May 01, 2014

The Geographic Position Structure (GPS) algorithm of Elhaik et al. (2014) is basically wrong

In the previous post I showed that the new paper by Elhaik et al. presents as its own (without citation) two of my ideas that were published on the web ~2 years before the paper was submitted.

I also took some time to evaluate the new aspect of their "geographical positioning system" (GPS) which is an algorithm to determine the geographic position of samples given their genetic distances to a group of reference populations. This is described under the heading "Calculating the biogeographical origin of a test sample" of their paper and I include a screenshot of it on the left to help you follow along.

From Equation (2) it is easy to see that the predicted position of the test sample is shifted away from the position of the best matching reference population (Positionbest) and towards the other reference populations (Position(m)) with the contribution of each reference population being weighted by wm which is the ratio of the distance of the closest population to the distance of the m-th reference population.

A little basic geometry (right) informs us that points on the circle have a constant ratio of distances (d2/d1) to points B and A.

That is, BC/CA = BD/DA = BP/PA

In terms of the Elhaik et al. (2014) algorithm this constant ratio is wm, so if A and B are two reference populations, and the test sample is e.g., either C or D, then the same constant weight applies (and this is true for all points on the circle).

In practical terms, the algorithm of Elhaik et al. (2014) will predict the same geographical locations for all points on the circle. This will be perfectly accurate for C and biased for every other point on the circle (with D being the absolute worst).

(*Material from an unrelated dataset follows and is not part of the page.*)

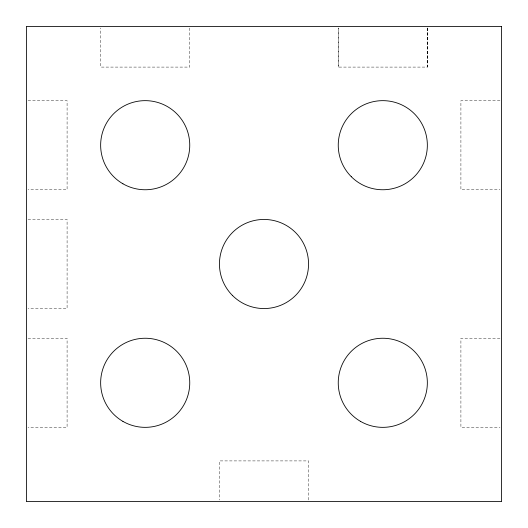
<?xml version="1.0" encoding="UTF-8"?>
<svg xmlns="http://www.w3.org/2000/svg" width="528" height="528" viewBox="0 0 528 528"><rect width="100%" height="100%" fill="white"/><g stroke="black" fill="none" stroke-linecap="round" stroke-linejoin="round"><path stroke-width="0.4" stroke-dasharray="2.64 1.98" d="M28.03 100.65L67.089 100.65L67.089 189.75L28.03 189.75M499.97 100.65L460.911 100.65L460.911 189.75L499.97 189.75M28.03 219.45L67.089 219.45L67.089 308.55L28.03 308.55M28.03 338.25L67.089 338.25L67.089 427.35L28.03 427.35M499.97 338.25L460.911 338.25L460.911 427.35L499.97 427.35M427.35 28.03L427.35 67.089L338.25 67.089L338.309 28.03M427.291 28.03L427.291 67.089M427.192 28.03L427.192 67.089M338.408 28.03L338.408 67.089M308.55 499.97L308.55 460.911L219.45 460.911L219.45 499.97M189.724 28.03L189.75 67.089L100.65 67.089L100.65 28.03"/><path stroke-width="0.79" d="M501.6 26.4L26.4 26.4L26.4 501.6L501.6 501.6L501.6 26.4M122.925 183.784A44.55 44.55 0 0 0 189.75 145.2A44.55 44.55 0 0 0 122.925 106.616A44.55 44.55 0 0 0 122.925 183.784M122.925 421.384A44.55 44.55 0 0 0 189.75 382.8A44.55 44.55 0 0 0 122.925 344.216A44.55 44.55 0 0 0 122.925 421.384M232.498 295.502A44.55 44.55 0 0 0 307.032 275.53A44.55 44.55 0 0 0 252.47 220.968A44.55 44.55 0 0 0 232.498 295.502M360.525 421.384A44.55 44.55 0 0 0 427.35 382.8A44.55 44.55 0 0 0 360.525 344.216A44.55 44.55 0 0 0 360.525 421.384M351.298 176.702A44.55 44.55 0 0 0 425.832 156.73A44.55 44.55 0 0 0 371.27 102.168A44.55 44.55 0 0 0 351.298 176.702"/></g></svg>

It is actually easy to test whether the test population is like C or like D; in the case of C it is CA+CB=AB. This is a simple test of collinearity that exploits the fact that not only the distance of the test population to reference ones, but also the distance of the two reference populations from each other. And, indeed, it's easy to see that for a test population P we can estimate genetic distances AP, PB, and AB and these uniquely define the circle on which the point must lie. Do this for all pairs of reference populations, find the distribution of the intersections of these circles, find a peak of this distribution (if such exists) et voila you have a sound mechanism for localizing individuals based on genetic distances. I expect to see something like this in Nature Communications circa 2016.

8 comments:

Andrés said...

The method has also a fundamentally wrong approach: that men move freely equally in all directions. But there are such things as glaciers, seas, mountains and deserts.

stéphane Mazieres said...

Dear,
many of your comments and reappraisals could have been the topic of a paper instead of being "thrown" in a blog. That's part of the game to shout out and loud ideas which could be borrowed in subsequent studies. Furthermore, there's no way to cite appropriately the blog. I totally inderstood Eran's not to add value to very pertinent -though not published-hints.

Dienekes said...
This comment has been removed by the author.
Dienekes said...

many of your comments and reappraisals could have been the topic of a paper instead of being "thrown" in a blog.

Perhaps I didn't have an interest to write a paper and wanted to put my ideas out there so that everyone could see them, read them, appraise them as they saw fit?

Furthermore, there's no way to cite appropriately the blog.

You can't cite a URL or put something in the acknowledgements of the paper if you don't wanna cite it?

I totally inderstood Eran's not to add value to very pertinent -though not published-hints.

These were not "hints", but rather a full description of a method (as evidenced by the fact that other people were able to use it to create "calculators" based on their unsupervised ADMIXTURE runs).

"Though not published" is incorrect. My method was published on the public web and has been subjected to critique by anyone who wanted to to critique it (including the many hundreds if not thousands of people who got estimates of ancestry based on it).

Intellectual honesty requires one to cite what was previously known, described or otherwise communicated irrespective of the venue in which it appeared.

terryt said...

"Perhaps I didn't have an interest to write a paper and wanted to put my ideas out there so that everyone could see them, read them, appraise them as they saw fit?"

To me that is what science is about. Unfortunately it is often driven by egos.

Tatiana Tatarinova said...

Dienekes, as one of the co-authors of the GPS paper, I apologize for not referencing your blog in the paper. It was not intentional, since I was not aware of the existence of your method when GPS algorithm was developed. I will find out if it is possible to add the reference.

eurologist said...

Dienekes,

I have full appreciation of your viewpoint. I have presented methods and results at scientific meetings with published abstracts, and within months was not cited in papers that simply copied my work.

I have invited a researcher to present in a session I headed, only to find later that he published a paper copying the ideas I presented in that session.

The scientific process is broken. Many scientists realize this, but many older ones adhere to the broken system out of self-interest. Many of their grad students and post-doc still follow them because they believe it's the best way to get ahead.

We need a science-process revolution.

I am now partially retired, but am still active in science process improvement advocacy.

Roy said...

Just a thought..Dienekes you have great material. Is a book aimed at a general audience (ala Jared Diamond) out of the question?